FitzGerald has also blasted Kasich’s JobsOhio for ethical concerns, and that’s likely to be a big issue for Democrats. But FitzGerald’s campaign had an early setback when Sen. Eric Kearney of Cincinnati had to step down as his running mate after the revelation of hundreds of thousands of dollars in unpaid taxes. And FitzGerald may to slog through a primary in May to reach the main event in November.
Hamilton County Commissioner Todd Portune has said he plans to challenge FitzGerald because he feels there needs to be a choice, though he says he hasn’t filed yet. And for a few days, it appeared that Tea Partiers were going to run against Kasich, following up on a battle cry that organizer Tom Zawistowski used to rally about 300 Tea Party activists angry over Medicaid expansion at a convention in September.

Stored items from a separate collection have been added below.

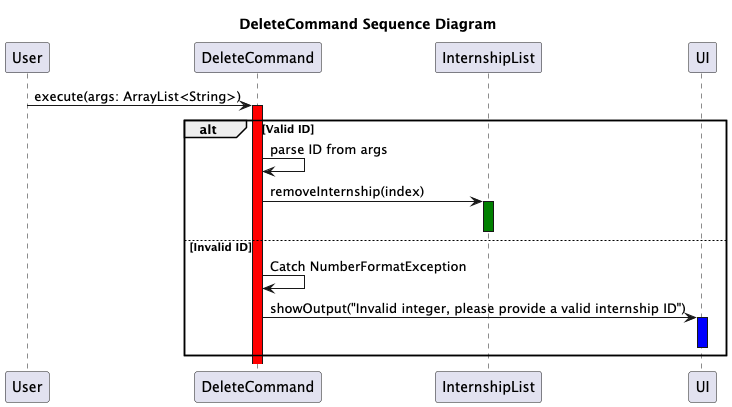

The diagram above was rendered by PlantUML. Its source (embedded in the PNG):
@startuml
title DeleteCommand Sequence Diagram

User -> DeleteCommand: execute(args: ArrayList<String>)
activate DeleteCommand #red
alt Valid ID
    DeleteCommand -> DeleteCommand: parse ID from args
    DeleteCommand -> InternshipList: removeInternship(index)
    activate InternshipList #green
    deactivate InternshipList #green
else Invalid ID
    DeleteCommand -> DeleteCommand: Catch NumberFormatException
    DeleteCommand -> UI: showOutput("Invalid integer, please provide a valid internship ID")
    activate UI #blue
    deactivate UI
end

@enduml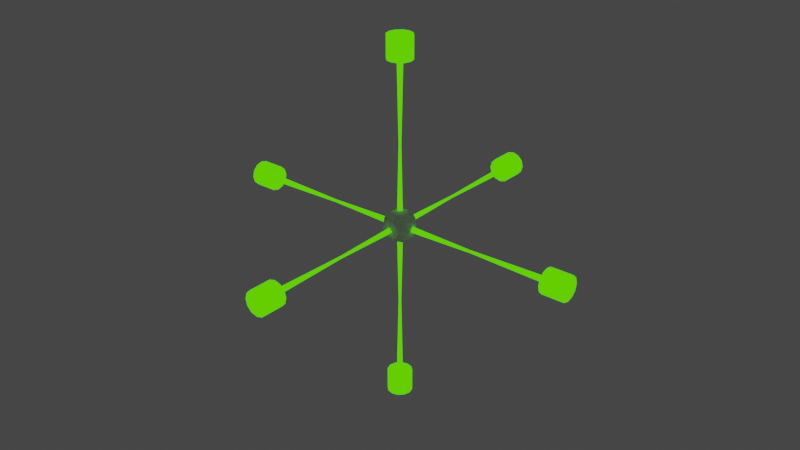 # Source: Scale.blend  (saved by Blender 3.0.42; exported with 4.5.12 LTS)
import bpy
from mathutils import Matrix  # noqa: F401  (used for matrix-valued properties, if any)

bpy.ops.wm.read_factory_settings(use_empty=True)
scene = bpy.context.scene
scene.name = 'Scene'

# ---- collections
col_collection = bpy.data.collections.new('Collection'); scene.collection.children.link(col_collection)

# ---- materials (node trees are filled in below, after node groups)
mat_yaxis = bpy.data.materials.new('YAxis')
mat_yaxis.use_transparent_shadow = False
mat_zaxis = bpy.data.materials.new('ZAxis')
mat_zaxis.use_transparent_shadow = False
mat_xaxis = bpy.data.materials.new('XAxis')
mat_xaxis.use_transparent_shadow = False

# ---- material node trees
mat_yaxis.use_nodes = True; mat_yaxis.node_tree.nodes.clear()
_N = mat_yaxis.node_tree.nodes; _L = mat_yaxis.node_tree.links
n0 = _N.new('ShaderNodeBsdfPrincipled'); n0.name = 'Principled BSDF'; n0.location = (10, 300)
n0.distribution = 'GGX'
n0.subsurface_method = 'BURLEY'
n0.inputs[0].default_value = (0.0, 0.0, 0.0, 1.0)
n0.inputs[3].default_value = 1.45
n0.inputs[9].default_value = (0.0, 0.2, 0.1)
n0.inputs[13].default_value = 0.0
n0.inputs[27].default_value = (0.1046, 1.0, 0.0, 1.0)
n0.inputs[28].default_value = 1.0
n1 = _N.new('ShaderNodeOutputMaterial'); n1.name = 'Material Output'; n1.location = (300, 300)
_L.new(n0.outputs[0], n1.inputs[0])
n1.is_active_output = True
mat_zaxis.use_nodes = True; mat_zaxis.node_tree.nodes.clear()
_N = mat_zaxis.node_tree.nodes; _L = mat_zaxis.node_tree.links
n0 = _N.new('ShaderNodeBsdfPrincipled'); n0.name = 'Principled BSDF'; n0.location = (10, 300)
n0.distribution = 'GGX'
n0.subsurface_method = 'BURLEY'
n0.inputs[0].default_value = (0.0, 0.0, 0.0, 1.0)
n0.inputs[3].default_value = 1.45
n0.inputs[9].default_value = (0.0, 0.2, 0.1)
n0.inputs[13].default_value = 0.0
n0.inputs[27].default_value = (0.0, 0.1714, 1.0, 1.0)
n0.inputs[28].default_value = 1.0
n1 = _N.new('ShaderNodeOutputMaterial'); n1.name = 'Material Output'; n1.location = (300, 300)
_L.new(n0.outputs[0], n1.inputs[0])
n1.is_active_output = True
mat_xaxis.use_nodes = True; mat_xaxis.node_tree.nodes.clear()
_N = mat_xaxis.node_tree.nodes; _L = mat_xaxis.node_tree.links
n0 = _N.new('ShaderNodeBsdfPrincipled'); n0.name = 'Principled BSDF'; n0.location = (10, 300)
n0.distribution = 'GGX'
n0.subsurface_method = 'BURLEY'
n0.inputs[0].default_value = (0.0, 0.0, 0.0, 1.0)
n0.inputs[3].default_value = 1.45
n0.inputs[9].default_value = (0.0, 0.2, 0.1)
n0.inputs[13].default_value = 0.0
n0.inputs[27].default_value = (1.0, 0.0, 0.02416, 1.0)
n0.inputs[28].default_value = 1.0
n1 = _N.new('ShaderNodeOutputMaterial'); n1.name = 'Material Output'; n1.location = (300, 300)
_L.new(n0.outputs[0], n1.inputs[0])
n1.is_active_output = True

# ---- world
world_world = bpy.data.worlds.new('World'); scene.world = world_world
world_world.use_nodes = True; world_world.node_tree.nodes.clear()
_N = world_world.node_tree.nodes; _L = world_world.node_tree.links
n0 = _N.new('ShaderNodeOutputWorld'); n0.name = 'World Output'; n0.location = (300, 300)
n1 = _N.new('ShaderNodeBackground'); n1.name = 'Background'; n1.location = (10, 300)
n1.inputs[0].default_value = (0.05088, 0.05088, 0.05088, 1.0)
_L.new(n1.outputs[0], n0.inputs[0])
n0.is_active_output = True
world_world.color = (0.05088, 0.05088, 0.05088)
world_world.use_sun_shadow = False
world_world.sun_shadow_jitter_overblur = 0.0

# ---- meshes
me_plane_002 = bpy.data.meshes.new('Plane.002')
me_plane_002.from_pydata([(0.6534, -0.04989, 3.05e-09), (0.6534, -0.04319, -0.025), (0.6534, -0.02489, -0.0433), (0.6534, 0.0001076, -0.05), (0.6534, 0.02511, -0.0433), (0.6534, 0.04341, -0.025), (0.6534, 0.05011, 7.416e-09), (0.6534, 0.04341, 0.025), (0.6534, 0.02511, 0.0433), (0.6534, 0.0001076, 0.05), (0.6534, -0.02489, 0.0433), (0.6534, -0.04319, 0.025), (0.7438, -0.04989, 3.05e-09), (0.0007976, -0.01489, 8.743e-09), (0.6547, -0.01489, -8.743e-09), (0.0007976, 0.0001076, -0.015), (0.6547, 0.0001076, -0.015), (0.0007976, 0.01511, 1.005e-08), (0.6547, 0.01511, -7.439e-09), (0.0007976, 0.0001076, 0.015), (0.6547, 0.0001076, 0.015), (0.3277, -0.006228, 0.0), (0.3277, 0.0001076, -0.006336), (0.3277, 0.006443, 5.507e-10), (0.3277, 0.0001076, 0.006336), (0.7438, -0.04319, -0.025), (0.7438, -0.02489, -0.0433), (0.7438, 0.0001076, -0.05), (0.7438, 0.02511, -0.0433), (0.7438, 0.04341, -0.025), (0.7438, 0.05011, 7.416e-09), (0.7438, 0.04341, 0.025), (0.7438, 0.02511, 0.0433), (0.7438, 0.0001076, 0.05), (0.7438, -0.02489, 0.0433), (0.7438, -0.04319, 0.025)], [], [(11, 35, 34, 10), (4, 28, 27, 3), (9, 33, 32, 8), (1, 25, 12, 0), (2, 26, 25, 1), (7, 31, 30, 6), (0, 12, 35, 11), (5, 29, 28, 4), (10, 34, 33, 9), (3, 27, 26, 2), (0, 11, 10, 9, 8, 7, 6, 5, 4, 3, 2, 1), (8, 32, 31, 7), (12, 25, 26, 27, 28, 29, 30, 31, 32, 33, 34, 35), (22, 16, 14, 21), (23, 18, 16, 22), (24, 20, 18, 23), (21, 14, 20, 24), (14, 16, 18, 20), (13, 19, 17, 15), (19, 13, 21, 24), (17, 19, 24, 23), (15, 17, 23, 22), (13, 15, 22, 21), (6, 30, 29, 5)])
_uv = me_plane_002.uv_layers.new(name='UVMap')
_uv.uv.foreach_set('vector', [0.63, 0.4578, 0.63, 0.4578, 0.5422, 0.37, 0.5422, 0.37, 0.9578, 0.13, 0.9578, 0.13, 0.99, 0.25, 0.99, 0.25, 0.51, 0.25, 0.51, 0.25, 0.5422, 0.13, 0.5422, 0.13, 0.87, 0.4578, 0.87, 0.4578, 0.75, 0.49, 0.75, 0.49, 0.9578, 0.37, 0.9578, 0.37, 0.87, 0.4578, 0.87, 0.4578, 0.63, 0.04215, 0.63, 0.04215, 0.75, 0.01, 0.75, 0.01, 0.75, 0.49, 0.75, 0.49, 0.63, 0.4578, 0.63, 0.4578, 0.87, 0.04215, 0.87, 0.04215, 0.9578, 0.13, 0.9578, 0.13, 0.5422, 0.37, 0.5422, 0.37, 0.51, 0.25, 0.51, 0.25, 0.99, 0.25, 0.99, 0.25, 0.9578, 0.37, 0.9578, 0.37, 0.75, 0.49, 0.63, 0.4578, 0.5422, 0.37, 0.51, 0.25, 0.5422, 0.13, 0.63, 0.04215, 0.75, 0.01, 0.87, 0.04215, 0.9578, 0.13, 0.99, 0.25, 0.9578, 0.37, 0.87, 0.4578, 0.5422, 0.13, 0.5422, 0.13, 0.63, 0.04215, 0.63, 0.04215, 0.75, 0.49, 0.87, 0.4578, 0.9578, 0.37, 0.99, 0.25, 0.9578, 0.13, 0.87, 0.04215, 0.75, 0.01, 0.63, 0.04215, 0.5422, 0.13, 0.51, 0.25, 0.5422, 0.37, 0.63, 0.4578, 0.75, 0.75, 0.75, 1.0, 1.0, 1.0, 1.0, 0.75, 0.5, 0.75, 0.5, 1.0, 0.75, 1.0, 0.75, 0.75, 0.25, 0.75, 0.25, 1.0, 0.5, 1.0, 0.5, 0.75, 7.451e-08, 0.75, 7.451e-08, 1.0, 0.25, 1.0, 0.25, 0.75, 0.25, 0.49, 0.49, 0.25, 0.25, 0.01, 0.01, 0.25, 0.75, 0.49, 0.51, 0.25, 0.75, 0.01, 0.99, 0.25, 0.25, 0.5, 7.451e-08, 0.5, 7.451e-08, 0.75, 0.25, 0.75, 0.5, 0.5, 0.25, 0.5, 0.25, 0.75, 0.5, 0.75, 0.75, 0.5, 0.5, 0.5, 0.5, 0.75, 0.75, 0.75, 1.0, 0.5, 0.75, 0.5, 0.75, 0.75, 1.0, 0.75, 0.75, 0.01, 0.75, 0.01, 0.87, 0.04215, 0.87, 0.04215])
me_plane_002.materials.append(mat_yaxis)
me_plane_002.materials.append(mat_zaxis)
me_plane_002.materials.append(mat_xaxis)
me_plane_002.use_remesh_fix_poles = True
me_plane_002.use_remesh_preserve_attributes = False
me_plane_002.update()
me_plane_008 = bpy.data.meshes.new('Plane.008')
me_plane_008.from_pydata([(0.6534, -0.04989, 3.05e-09), (0.6534, -0.04319, -0.025), (0.6534, -0.02489, -0.0433), (0.6534, 0.0001076, -0.05), (0.6534, 0.02511, -0.0433), (0.6534, 0.04341, -0.025), (0.6534, 0.05011, 7.416e-09), (0.6534, 0.04341, 0.025), (0.6534, 0.02511, 0.0433), (0.6534, 0.0001076, 0.05), (0.6534, -0.02489, 0.0433), (0.6534, -0.04319, 0.025), (0.7438, -0.04989, 3.05e-09), (0.0007976, -0.01489, 8.743e-09), (0.6547, -0.01489, -8.743e-09), (0.0007976, 0.0001076, -0.015), (0.6547, 0.0001076, -0.015), (0.0007976, 0.01511, 1.005e-08), (0.6547, 0.01511, -7.439e-09), (0.0007976, 0.0001076, 0.015), (0.6547, 0.0001076, 0.015), (0.3277, -0.006228, 0.0), (0.3277, 0.0001076, -0.006336), (0.3277, 0.006443, 5.507e-10), (0.3277, 0.0001076, 0.006336), (0.7438, -0.04319, -0.025), (0.7438, -0.02489, -0.0433), (0.7438, 0.0001076, -0.05), (0.7438, 0.02511, -0.0433), (0.7438, 0.04341, -0.025), (0.7438, 0.05011, 7.416e-09), (0.7438, 0.04341, 0.025), (0.7438, 0.02511, 0.0433), (0.7438, 0.0001076, 0.05), (0.7438, -0.02489, 0.0433), (0.7438, -0.04319, 0.025)], [], [(11, 35, 34, 10), (4, 28, 27, 3), (9, 33, 32, 8), (1, 25, 12, 0), (2, 26, 25, 1), (7, 31, 30, 6), (0, 12, 35, 11), (5, 29, 28, 4), (10, 34, 33, 9), (3, 27, 26, 2), (0, 11, 10, 9, 8, 7, 6, 5, 4, 3, 2, 1), (8, 32, 31, 7), (12, 25, 26, 27, 28, 29, 30, 31, 32, 33, 34, 35), (22, 16, 14, 21), (23, 18, 16, 22), (24, 20, 18, 23), (21, 14, 20, 24), (14, 16, 18, 20), (13, 19, 17, 15), (19, 13, 21, 24), (17, 19, 24, 23), (15, 17, 23, 22), (13, 15, 22, 21), (6, 30, 29, 5)])
_uv = me_plane_008.uv_layers.new(name='UVMap')
_uv.uv.foreach_set('vector', [0.63, 0.4578, 0.63, 0.4578, 0.5422, 0.37, 0.5422, 0.37, 0.9578, 0.13, 0.9578, 0.13, 0.99, 0.25, 0.99, 0.25, 0.51, 0.25, 0.51, 0.25, 0.5422, 0.13, 0.5422, 0.13, 0.87, 0.4578, 0.87, 0.4578, 0.75, 0.49, 0.75, 0.49, 0.9578, 0.37, 0.9578, 0.37, 0.87, 0.4578, 0.87, 0.4578, 0.63, 0.04215, 0.63, 0.04215, 0.75, 0.01, 0.75, 0.01, 0.75, 0.49, 0.75, 0.49, 0.63, 0.4578, 0.63, 0.4578, 0.87, 0.04215, 0.87, 0.04215, 0.9578, 0.13, 0.9578, 0.13, 0.5422, 0.37, 0.5422, 0.37, 0.51, 0.25, 0.51, 0.25, 0.99, 0.25, 0.99, 0.25, 0.9578, 0.37, 0.9578, 0.37, 0.75, 0.49, 0.63, 0.4578, 0.5422, 0.37, 0.51, 0.25, 0.5422, 0.13, 0.63, 0.04215, 0.75, 0.01, 0.87, 0.04215, 0.9578, 0.13, 0.99, 0.25, 0.9578, 0.37, 0.87, 0.4578, 0.5422, 0.13, 0.5422, 0.13, 0.63, 0.04215, 0.63, 0.04215, 0.75, 0.49, 0.87, 0.4578, 0.9578, 0.37, 0.99, 0.25, 0.9578, 0.13, 0.87, 0.04215, 0.75, 0.01, 0.63, 0.04215, 0.5422, 0.13, 0.51, 0.25, 0.5422, 0.37, 0.63, 0.4578, 0.75, 0.75, 0.75, 1.0, 1.0, 1.0, 1.0, 0.75, 0.5, 0.75, 0.5, 1.0, 0.75, 1.0, 0.75, 0.75, 0.25, 0.75, 0.25, 1.0, 0.5, 1.0, 0.5, 0.75, 7.451e-08, 0.75, 7.451e-08, 1.0, 0.25, 1.0, 0.25, 0.75, 0.25, 0.49, 0.49, 0.25, 0.25, 0.01, 0.01, 0.25, 0.75, 0.49, 0.51, 0.25, 0.75, 0.01, 0.99, 0.25, 0.25, 0.5, 7.451e-08, 0.5, 7.451e-08, 0.75, 0.25, 0.75, 0.5, 0.5, 0.25, 0.5, 0.25, 0.75, 0.5, 0.75, 0.75, 0.5, 0.5, 0.5, 0.5, 0.75, 0.75, 0.75, 1.0, 0.5, 0.75, 0.5, 0.75, 0.75, 1.0, 0.75, 0.75, 0.01, 0.75, 0.01, 0.87, 0.04215, 0.87, 0.04215])
me_plane_008.materials.append(mat_yaxis)
me_plane_008.materials.append(mat_zaxis)
me_plane_008.materials.append(mat_xaxis)
me_plane_008.use_remesh_fix_poles = True
me_plane_008.use_remesh_preserve_attributes = False
me_plane_008.update()
me_plane_009 = bpy.data.meshes.new('Plane.009')
me_plane_009.from_pydata([(0.6534, -0.04989, 3.05e-09), (0.6534, -0.04319, -0.025), (0.6534, -0.02489, -0.0433), (0.6534, 0.0001076, -0.05), (0.6534, 0.02511, -0.0433), (0.6534, 0.04341, -0.025), (0.6534, 0.05011, 7.416e-09), (0.6534, 0.04341, 0.025), (0.6534, 0.02511, 0.0433), (0.6534, 0.0001076, 0.05), (0.6534, -0.02489, 0.0433), (0.6534, -0.04319, 0.025), (0.7438, -0.04989, 3.05e-09), (0.0007976, -0.01489, 8.743e-09), (0.6547, -0.01489, -8.743e-09), (0.0007976, 0.0001076, -0.015), (0.6547, 0.0001076, -0.015), (0.0007976, 0.01511, 1.005e-08), (0.6547, 0.01511, -7.439e-09), (0.0007976, 0.0001076, 0.015), (0.6547, 0.0001076, 0.015), (0.3277, -0.006228, 0.0), (0.3277, 0.0001076, -0.006336), (0.3277, 0.006443, 5.507e-10), (0.3277, 0.0001076, 0.006336), (0.7438, -0.04319, -0.025), (0.7438, -0.02489, -0.0433), (0.7438, 0.0001076, -0.05), (0.7438, 0.02511, -0.0433), (0.7438, 0.04341, -0.025), (0.7438, 0.05011, 7.416e-09), (0.7438, 0.04341, 0.025), (0.7438, 0.02511, 0.0433), (0.7438, 0.0001076, 0.05), (0.7438, -0.02489, 0.0433), (0.7438, -0.04319, 0.025)], [], [(11, 35, 34, 10), (4, 28, 27, 3), (9, 33, 32, 8), (1, 25, 12, 0), (2, 26, 25, 1), (7, 31, 30, 6), (0, 12, 35, 11), (5, 29, 28, 4), (10, 34, 33, 9), (3, 27, 26, 2), (0, 11, 10, 9, 8, 7, 6, 5, 4, 3, 2, 1), (8, 32, 31, 7), (12, 25, 26, 27, 28, 29, 30, 31, 32, 33, 34, 35), (22, 16, 14, 21), (23, 18, 16, 22), (24, 20, 18, 23), (21, 14, 20, 24), (14, 16, 18, 20), (13, 19, 17, 15), (19, 13, 21, 24), (17, 19, 24, 23), (15, 17, 23, 22), (13, 15, 22, 21), (6, 30, 29, 5)])
_uv = me_plane_009.uv_layers.new(name='UVMap')
_uv.uv.foreach_set('vector', [0.63, 0.4578, 0.63, 0.4578, 0.5422, 0.37, 0.5422, 0.37, 0.9578, 0.13, 0.9578, 0.13, 0.99, 0.25, 0.99, 0.25, 0.51, 0.25, 0.51, 0.25, 0.5422, 0.13, 0.5422, 0.13, 0.87, 0.4578, 0.87, 0.4578, 0.75, 0.49, 0.75, 0.49, 0.9578, 0.37, 0.9578, 0.37, 0.87, 0.4578, 0.87, 0.4578, 0.63, 0.04215, 0.63, 0.04215, 0.75, 0.01, 0.75, 0.01, 0.75, 0.49, 0.75, 0.49, 0.63, 0.4578, 0.63, 0.4578, 0.87, 0.04215, 0.87, 0.04215, 0.9578, 0.13, 0.9578, 0.13, 0.5422, 0.37, 0.5422, 0.37, 0.51, 0.25, 0.51, 0.25, 0.99, 0.25, 0.99, 0.25, 0.9578, 0.37, 0.9578, 0.37, 0.75, 0.49, 0.63, 0.4578, 0.5422, 0.37, 0.51, 0.25, 0.5422, 0.13, 0.63, 0.04215, 0.75, 0.01, 0.87, 0.04215, 0.9578, 0.13, 0.99, 0.25, 0.9578, 0.37, 0.87, 0.4578, 0.5422, 0.13, 0.5422, 0.13, 0.63, 0.04215, 0.63, 0.04215, 0.75, 0.49, 0.87, 0.4578, 0.9578, 0.37, 0.99, 0.25, 0.9578, 0.13, 0.87, 0.04215, 0.75, 0.01, 0.63, 0.04215, 0.5422, 0.13, 0.51, 0.25, 0.5422, 0.37, 0.63, 0.4578, 0.75, 0.75, 0.75, 1.0, 1.0, 1.0, 1.0, 0.75, 0.5, 0.75, 0.5, 1.0, 0.75, 1.0, 0.75, 0.75, 0.25, 0.75, 0.25, 1.0, 0.5, 1.0, 0.5, 0.75, 7.451e-08, 0.75, 7.451e-08, 1.0, 0.25, 1.0, 0.25, 0.75, 0.25, 0.49, 0.49, 0.25, 0.25, 0.01, 0.01, 0.25, 0.75, 0.49, 0.51, 0.25, 0.75, 0.01, 0.99, 0.25, 0.25, 0.5, 7.451e-08, 0.5, 7.451e-08, 0.75, 0.25, 0.75, 0.5, 0.5, 0.25, 0.5, 0.25, 0.75, 0.5, 0.75, 0.75, 0.5, 0.5, 0.5, 0.5, 0.75, 0.75, 0.75, 1.0, 0.5, 0.75, 0.5, 0.75, 0.75, 1.0, 0.75, 0.75, 0.01, 0.75, 0.01, 0.87, 0.04215, 0.87, 0.04215])
me_plane_009.materials.append(mat_yaxis)
me_plane_009.materials.append(mat_zaxis)
me_plane_009.materials.append(mat_xaxis)
me_plane_009.use_remesh_fix_poles = True
me_plane_009.use_remesh_preserve_attributes = False
me_plane_009.update()
me_plane_010 = bpy.data.meshes.new('Plane.010')
me_plane_010.from_pydata([(0.6534, -0.04989, 3.05e-09), (0.6534, -0.04319, -0.025), (0.6534, -0.02489, -0.0433), (0.6534, 0.0001076, -0.05), (0.6534, 0.02511, -0.0433), (0.6534, 0.04341, -0.025), (0.6534, 0.05011, 7.416e-09), (0.6534, 0.04341, 0.025), (0.6534, 0.02511, 0.0433), (0.6534, 0.0001076, 0.05), (0.6534, -0.02489, 0.0433), (0.6534, -0.04319, 0.025), (0.7438, -0.04989, 3.05e-09), (0.0007976, -0.01489, 8.743e-09), (0.6547, -0.01489, -8.743e-09), (0.0007976, 0.0001076, -0.015), (0.6547, 0.0001076, -0.015), (0.0007976, 0.01511, 1.005e-08), (0.6547, 0.01511, -7.439e-09), (0.0007976, 0.0001076, 0.015), (0.6547, 0.0001076, 0.015), (0.3277, -0.006228, 0.0), (0.3277, 0.0001076, -0.006336), (0.3277, 0.006443, 5.507e-10), (0.3277, 0.0001076, 0.006336), (0.7438, -0.04319, -0.025), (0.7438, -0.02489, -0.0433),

“We have no excuse but to take this battle to the enemy, to not play defense but to play offense.”
But over the weekend, former Ohio Liberty Coalition president Ted Stevenot said he wouldn’t run in the GOP primary, as he said he would just days later. But former Republican state lawmaker turned libertarian Charlie Earl has said he plans to run in the fall. And he’ll be in what John Green at the Bliss Institute for Applied Politics at the University of Akron says will likely be a record-breaking race in terms of money.
“It’s very hard to tell just how big a record it will be. What makes it really unpredictable is we had a lot of outside groups involved in elections, and Ohio’s the kind of state that tends to attract a lot of outside attention.”
Political scientist Herb Asher at Ohio State University says the cost of the contest depends all depends on how the Democratic candidate does with fundraising.
“Certainly Gov. Kasich and his team will be able to raise whatever they need, and the challenge right now for Democrats – will they in fact be able to if not match them dollar-for-dollar raise sufficient amount of money to make it a competitive race financially.”
And there also may be a few ballot issues before voters this fall – including an amendment legalizing same-sex marriage, the timing of which has polarized gay rights groups. Other possible issues include an approval of medical marijuana, and the so-called “right to work” amendment prohibiting union membership as a requirement for employment, which is backed by Tea Party groups.